Resenha Estratégica – Vol. 18 – nº 32 – 18 de agosto de 2021.
Mario Lettieri e Paolo Raimondi, de Roma
Cinquenta anos são passados desde o fatídico discurso do presidente estadunidense Richard Nixon, em 15 de agosto de 1971, no qual ele anunciou medidas radicais para o futuro da economia e da política mundiais. No entanto, não há nada para comemorar.
A decisão tomada naquele momento significou o fim do padrão-ouro. A partir dali, o dólar não seria mais conversível e resgatável em ouro. Em tese, até então, os países detentores de reservas em dólares poderiam solicitar a sua conversão em ouro a qualquer momento. Os EUA estavam livres para “imprimir dinheiro” novamente, sem a obrigação de possuir uma quantidade de ouro equivalente às notas verdes em circulação.
Igualmente, foi deixado de lado o regime de câmbio fixo, que regulava as relações entre as principais moedas, um dos pilares do sistema de Bretton Woods, criado na cidade de New Hampshire, em 1944. Em lugar dele, no sistema monetário internacional, foi introduzida a taxa de câmbio flutuante, que sempre esteve e continua sujeita às especulações do mercado de câmbio. Infelizmente, foi também o início da “desregulamentação”.
Nos EUA, salários e preços também foram congelados por 90 dias, além de adotada uma tarifa de 10% nas importações. Os controles de preços interromperam temporariamente a inflação, que logo voltou mais forte do que antes.

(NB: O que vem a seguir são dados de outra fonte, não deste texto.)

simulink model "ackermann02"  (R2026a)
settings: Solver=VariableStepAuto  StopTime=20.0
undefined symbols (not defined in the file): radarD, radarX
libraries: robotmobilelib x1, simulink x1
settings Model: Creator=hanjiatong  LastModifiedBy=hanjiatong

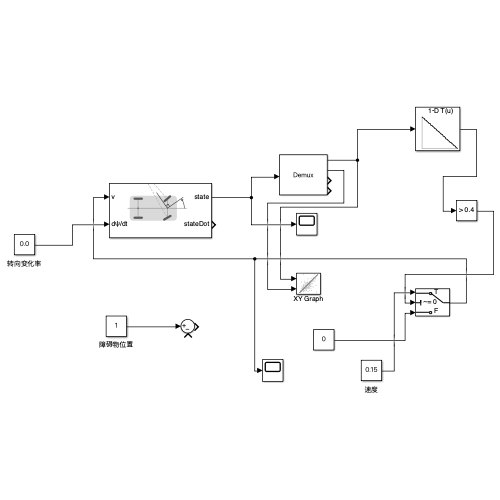
[thumbnail: Simulink's stored preview of the top-level diagram]
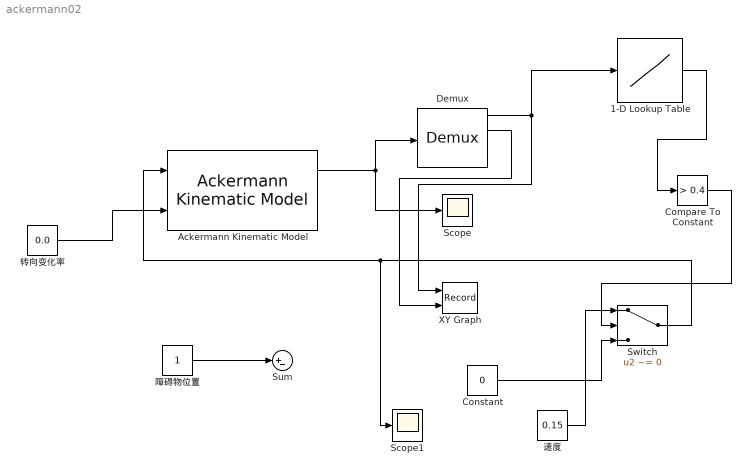
== system ackermann02 ==
  1-D Lookup Table : Lookup_n-D  NumberOfTableDimensions=1  BreakpointsForDimension1=radarX  Table=radarD  ExtrapMethod=Clip  InternalRulePriority=Speed  RndMeth=Simplest
  Ackermann Kinematic Model : robotmobilelib/Ackermann Kinematic Model  WheelBase=0.144  VehicleSpeedRange=[-inf inf]  MaxSteeringAngle=pi/4  InitialState=[0.5; 1.5; 0; 0]  SimulateUsing=Interpreted execution
  Compare To Constant : simulink/Logic and Bit Operations/Compare To Constant  relop=>  const=0.4  OutDataTypeStr=boolean
  Constant : Constant  Value=0
  Demux : Demux
      settings: DisplayOption=none
  Scope : Scope
      settings: ActiveDisplayYMinimum=-0.19594221664657985  ActiveDisplayYMaximum=1.7514452129987257
  Scope1 : Scope
  Sum : Sum  Inputs=|+-
  Switch : Switch  Criteria=u2 ~= 0  SaturateOnIntegerOverflow=off  InputSameDT=off
  XY Graph : Record  NumPorts=2.0  FileSettingsInternal="{\"entries\":[{\"content\":{\"excelSettings\":{\"content\":{},\"type\":\"Streamout.ExcelSettings\"},\"parquetSettings\":{\"content\":{},\"type\":\"Streamout.ParquetSettings\"}},\"type\":\"Streamout.FileSettingStorage\",\"uuid\":\"\"}],\"packageUris\":[\"http:\\/\\/schema.mathworks.com\\/mf0\\/streamout_blocks\\/R2020a\"],\"version\":\"1.0\"}"  FrameSettings=[0, 0]  Layout=[1 1]  SignalsInternal="{\"entries\":[{\"content\":{\"signals\":[{\"content\":{\"blockPath\":[],\"dimensions\":[1],\"domain\":\"\",\"lineColor\":\"#a2142f\",\"plots\":[ 1 ],\"port\":1,\"sid\":[\"\"],\"signalID\":1,\"signalName\":\"Demux:1\"},\"type\":\"RecordBlkView.Signal\",\"uuid\":\"\"},{\"content\":{\"blockPath\":[],\"dimensions\":[1],\"domain\":\"\",\"lineColor\":\"#139fff\",\"plots\":[ 1 ],\"port\":2,\"sid\":[\"\"],\"signalID\":2,\"signalName\":\"Demux:2\"},\"type\":\"RecordBlkView.Signal\",\"uuid\":\"\"}]},\"type\":\"RecordBlkView.InputSignals\",\"uuid\":\"\"}],\"packageUris\":[\"http:\\/\\/schema.mathworks.com\\/mf0\\/streamout_blocks\\/R2020a\"],\"version\":\"1.0\"}"  VisualizationBindings="{\"xyplotplugin\":{\"info\":[{\"series\":[{\"bindingParametersList\":[{\"parameter\":\"X-Axis\",\"signalID\":1,\"signalName\":\"Demux:1\"},{\"parameter\":\"Y-Axis\",\"signalID\":2,\"signalName\":\"Demux:2\"}],\"seriesID\":0}],\"subplotID\":1}]}}"  CompatibilityTag=XY
  转向变化率 : Constant  Value=0.0
  速度 : Constant  Value=0.15
  障碍物位置 : Constant
  wires:
  转向变化率/1 -> Ackermann Kinematic Model/2
  Ackermann Kinematic Model/1 -> Scope/1, Demux/1
  Demux/1 -> XY Graph/1, 1-D Lookup Table/1
  Demux/2 -> XY Graph/2
  障碍物位置/1 -> Sum/1
  Switch/1 -> Scope1/1, Ackermann Kinematic Model/1
  Compare To Constant/1 -> Switch/2
  速度/1 -> Switch/1
  Constant/1 -> Switch/3
  1-D Lookup Table/1 -> Compare To Constant/1

Com a decisão unilateral da flutuação do dólar, iniciou-se um período de instabilidade que levou à desvalorização da moeda estadunidense, o que favoreceu os consequentes choques do petróleo de 1974 e 1979 e, no final da década de 1970, levou à disparada dos juros da Reserva Federal para a casa de 20%. Foi um choque econômico global sem precedentes.
A intenção de Nixon era induzir os países industrializados a revalorizar as suas moedas em relação ao dólar, para reduzir o crescente déficit da balança de pagamentos estadunidense. Os efeitos, entretanto, estavam fora de controle e eram incalculáveis. As coisas aconteceram de forma diferente. As novas “regras do jogo” pavimentaram o
caminho para a globalização das finanças.
É verdade que a situação econômica dos EUA não era mais sustentável, inclusive, devido ao endividamento com os gastos da Guerra do Vietnã. As próprias reservas de ouro do país caíram de 24 bilhões de dólares, em 1948, para 10 bilhões, em 1971.
Desde então, os Estados Unidos têm enfrentado os seus déficits orçamentários e gastos crescentes imprimindo cada vez mais dólares. Na verdade, inundaram o mundo com dólares.
Em 1971, a relação dívida pública/PIB estadunidense era de 36,2%. Hoje, já ultrapassou 135%. Em realidade, devemos somar as dívidas das duas gigantes do mercado imobiliário público, Freddie Mac e Fannie Mae, que não foram uma causa secundária da crise de 2008.
Durante esse meio século, os EUA têm vivido além das suas possibilidades. Para administrar uma dívida crescente e uma situação financeira cada vez mais precária, os governos estadunidenses mudaram muitas outras regras ao longo do tempo, quebrando todo o conjunto de regras criado pelo presidente Franklin Roosevelt para superar a Grande Depressão da década de 1930. Em particular, em 1998, foi revogada a Lei GlassSteagall de 1933, que estabelecia uma separação bancária entre bancos comerciais e de investimento, proibindo os primeiros de usar os depósitos e poupanças de cidadãos em transações financeiras especulativas e de alto risco.
Após a Grande Crise de 2008, com a colossal injeção de liquidez conhecida como “flexibilização quantitativa”, os muitos desafios planetários, a pandemia de Covid-19 e a crise econômica, deve ficar claro que, para evitar perigosas guerras de moedas, será preciso construir um novo acordo monetário internacional. Poderia ser um sistema multipolar baseado preferencialmente em uma “cesta estável de moedas”. Infelizmente, este problema ainda não foi resolvido.
Em seu discurso de 1971, o próprio Nixon falou da “necessidade urgente de se criar um novo sistema monetário internacional”. Talvez ele estivesse mais ciente do que os outros da gravidade de sua decisão.